The first committee meeting to tackle the issue of setting up a process for soldiers’ farewells was held on 6 August 1915 and reported in the local paper on 8 August 1915. As reported, there was general agreement at the meeting that the whole business of farewells needed to be better organised. Everyone agreed that it was essential that those locals leaving the district be given a farewell. There was also general agreement that a wristlet watch be given. Later this would be replaced by the Shire of Alberton Medallion. For efficiency those at the meeting wanted the farewells to be organised for groups of men rather than run on an individual basis. But others pointed out how difficult it was to get accurate and timely advice from the AIF on the men’s movement and that it was never going to be possible to achieve the level of planning and organisation that people wanted.

The first meeting also tackled the issue of who should receive a farewell. Some wanted to draw a distinction between ‘bona fide’ residents of the district and others who had only been there ’two or three months’ and who ‘did not intend returning’. Overwhelmingly, these would have been the rural workers who found themselves in the district when they decided to enlist. Others thought a six month residency in the district should be the standard. At the meeting, the issue was left unresolved. In a real sense, the rural workers themselves resolved the issue for the committee. Most of the farewells that were organised tended to be for men who had already enlisted and who were home on their final leave before embarkation. On the other hand, the pattern for men who had been working in the district as itinerant rural workers was to complete the medical in Yarram, sign their attestation forms, be issued with a railway warrant from the Shire Secretary, and in the next day or so, travel to Melbourne to complete the enlistment process.  Once in Melbourne, these men did not return to the Shire and so the issue of any farewell did not even arise. Interestingly, those at the meeting on 6 August, were quoting the figure of 200 men from the Shire who had already left, but formal farewells would have covered less than half this number. Most commonly, the discrepancy involved the rural workers.
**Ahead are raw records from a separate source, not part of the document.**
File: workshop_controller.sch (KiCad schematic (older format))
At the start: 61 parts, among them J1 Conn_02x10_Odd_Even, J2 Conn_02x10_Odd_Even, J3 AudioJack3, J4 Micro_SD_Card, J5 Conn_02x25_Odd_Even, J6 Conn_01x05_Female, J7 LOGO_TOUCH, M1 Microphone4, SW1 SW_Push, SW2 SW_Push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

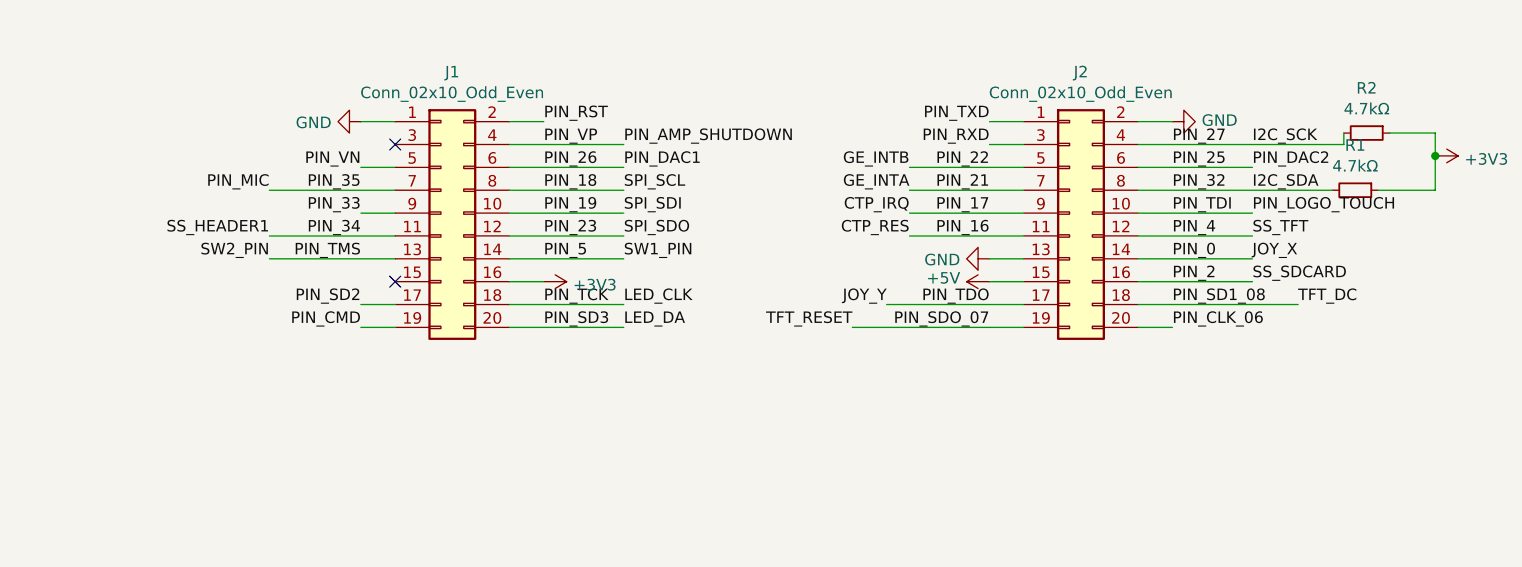
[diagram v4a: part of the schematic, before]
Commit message: Do design rules check
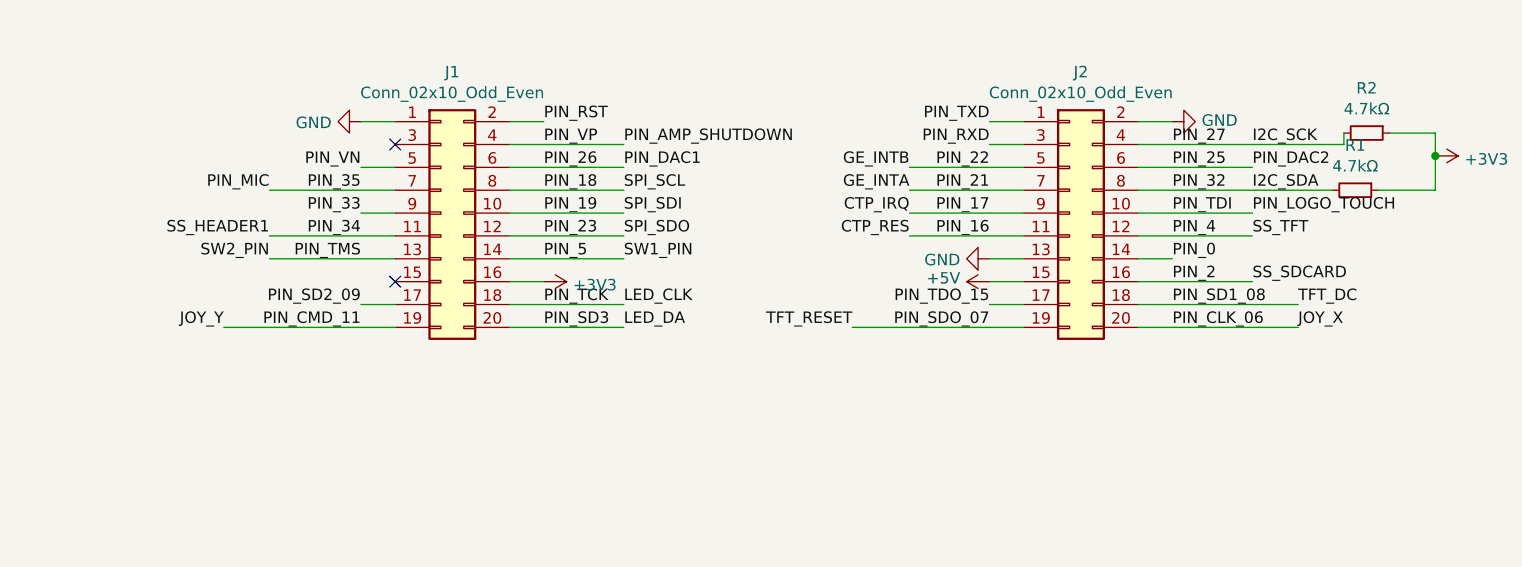
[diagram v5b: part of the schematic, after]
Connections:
- net labels added: PIN_CMD_11, PIN_SD2_09, PIN_TDO_15
- net labels removed: PIN_CMD, PIN_SD2, PIN_TDO
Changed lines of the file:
@@
 NoConn ~ 5900 6350
 Text Label 5750 6450 2    50   ~ 0
-PIN_SD2
+PIN_SD2_09
 Text Label 5750 6550 2    50   ~ 0
-PIN_CMD
+PIN_CMD_11
 Text Label 6550 6450 0    50   ~ 0
 PIN_TCK
@@
 $EndComp
 Text Label 8500 6450 2    50   ~ 0
-PIN_TDO
+PIN_TDO_15
 Text Label 8500 6550 2    50   ~ 0
 PIN_SDO_07
@@
 	8650 5750 8500 5750
 Wire Wire Line
-	9300 6550 9150 6550
-Wire Wire Line
 	5900 6450 5750 6450
-Wire Wire Line
-	5750 6550 5900 6550
 $Comp
 L power:+5V #PWR0104
@@
 Wire Wire Line
 	5750 6050 5900 6050
-Wire Wire Line
-	9150 6250 9650 6250
-Text Label 9650 6250 0    50   ~ 0
+Text Label 9850 6550 0    50   ~ 0
 JOY_X
-Text Label 8050 6450 2    50   ~ 0
+Text Label 5150 6550 2    50   ~ 0
 JOY_Y
-Wire Wire Line
-	8050 6450 8650 6450
 $Comp
 L Connector:Conn_01x01_Male J7
@@
 $EndComp
 $Comp
-L power:GND #PWR?
+L power:GND #PWR0175
 U 1 1 5CE73727
 P 14050 4100
-F 0 "#PWR?" H 14050 3850 50  0001 C CNN
+F 0 "#PWR0175" H 14050 3850 50  0001 C CNN
 F 1 "GND" V 14055 3972 50  0000 R CNN
 F 2 "" H 14050 4100 50  0001 C CNN
@@
 $EndComp
 $Comp
-L power:GND #PWR?
+L power:GND #PWR0189
 U 1 1 5CE73845
 P 15050 4100
-F 0 "#PWR?" H 15050 3850 50  0001 C CNN
+F 0 "#PWR0189" H 15050 3850 50  0001 C CNN
 F 1 "GND" V 15055 3972 50  0000 R CNN
 F 2 "" H 15050 4100 50  0001 C CNN
@@
 Wire Wire Line
 	8500 5650 8650 5650
+Wire Wire Line
+	9150 6550 9850 6550
+Wire Wire Line
+	9300 6250 9150 6250
+Wire Wire Line
+	5150 6550 5900 6550
+Wire Wire Line
+	8500 6450 8650 6450
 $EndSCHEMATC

The major point of dispute at the first meeting involved the financing of the operation. Majority opinion favoured setting up a subscription list, with names published in the local paper, with an initial subscription of 5/- and 2/- per month thereafter. However the minority view was that this amount would not generate sufficient funds and people should be encouraged to donate more. To make their point, several of those there that night immediately handed over donations of £5. Upset by the gesture, Henry George Bodman – grazier of Trenton Valley – predicted, accurately, that faced with the 2 levels of donation, 5/- and £5, the community would be confused, and this would undermine the whole idea of a subscription. Just 2 weeks later, on 18/8/15, the editorial in the Gippsland Standard and Alberton Shire Representative described the ensuing confusion and loss of enthusiasm:

The meeting held on Friday 6th inst., in the shire hall, having passed a resolution which would not provide adequate funds for farewells and welcomes to soldiers, a further meeting was called for Friday last [13/8/15]. Curious to state, but half-a-dozen attended, too few for business, and the movement which promised well at the outset has fizzled out. Surely our boys are worth some little attention! Those gentlemen who came forward with “fivers” seem to have blown out the five shillings project.

It was another example of the petty politics that could so easily undermine local projects. From that point, the compromise was that any level of donation was accepted, and the paper regularly published the amounts which ranged from 2/6 to £5.

The actual farewell ceremony that developed over 1915 was simple. It was held in the shire hall. The timing varied and had to fit in with train times from Alberton. There would be one or two speeches, a toast to the soldier’s health, the soldier would generally reply and there would be a verse of the National Anthem or some other patriotic song. “For he’s a jolly good fellow” was also usually sung. Once the Shire Medallion and Card became available, their presentation added a sense of formality to the occasion.

After the brief ceremony, someone would volunteer to drive the soldier to the train station at Alberton.  The name of the person offering the car would often be published in the paper.

Not much changed over 1915. The committee did request advance notice about soldiers’ leave from the military authorities but, not surprisingly, such a concern was not a priority for the AIF. Late in the year, the committee erected a flag pole outside the shire hall and when a farewell ceremony was to be held the flag would be flown to alert townspeople. This action was in response to poor attendance at the farewells. Initially people put the low numbers down to the lack of notice being given for farewells but, over time, the claim that people were not prepared to put themselves out was raised repeatedly in the local paper. The suggestion made by Wliiam Geo. Pope at a farewell reported on 29/10/15 – he served on the Soldiers’ Farewell and Welcome Committee – that the local clergy should set up a roster so that there was always one of their number at every farewell was another not very subtle claim that the soldiers’ farewells were not receiving the attention they warranted.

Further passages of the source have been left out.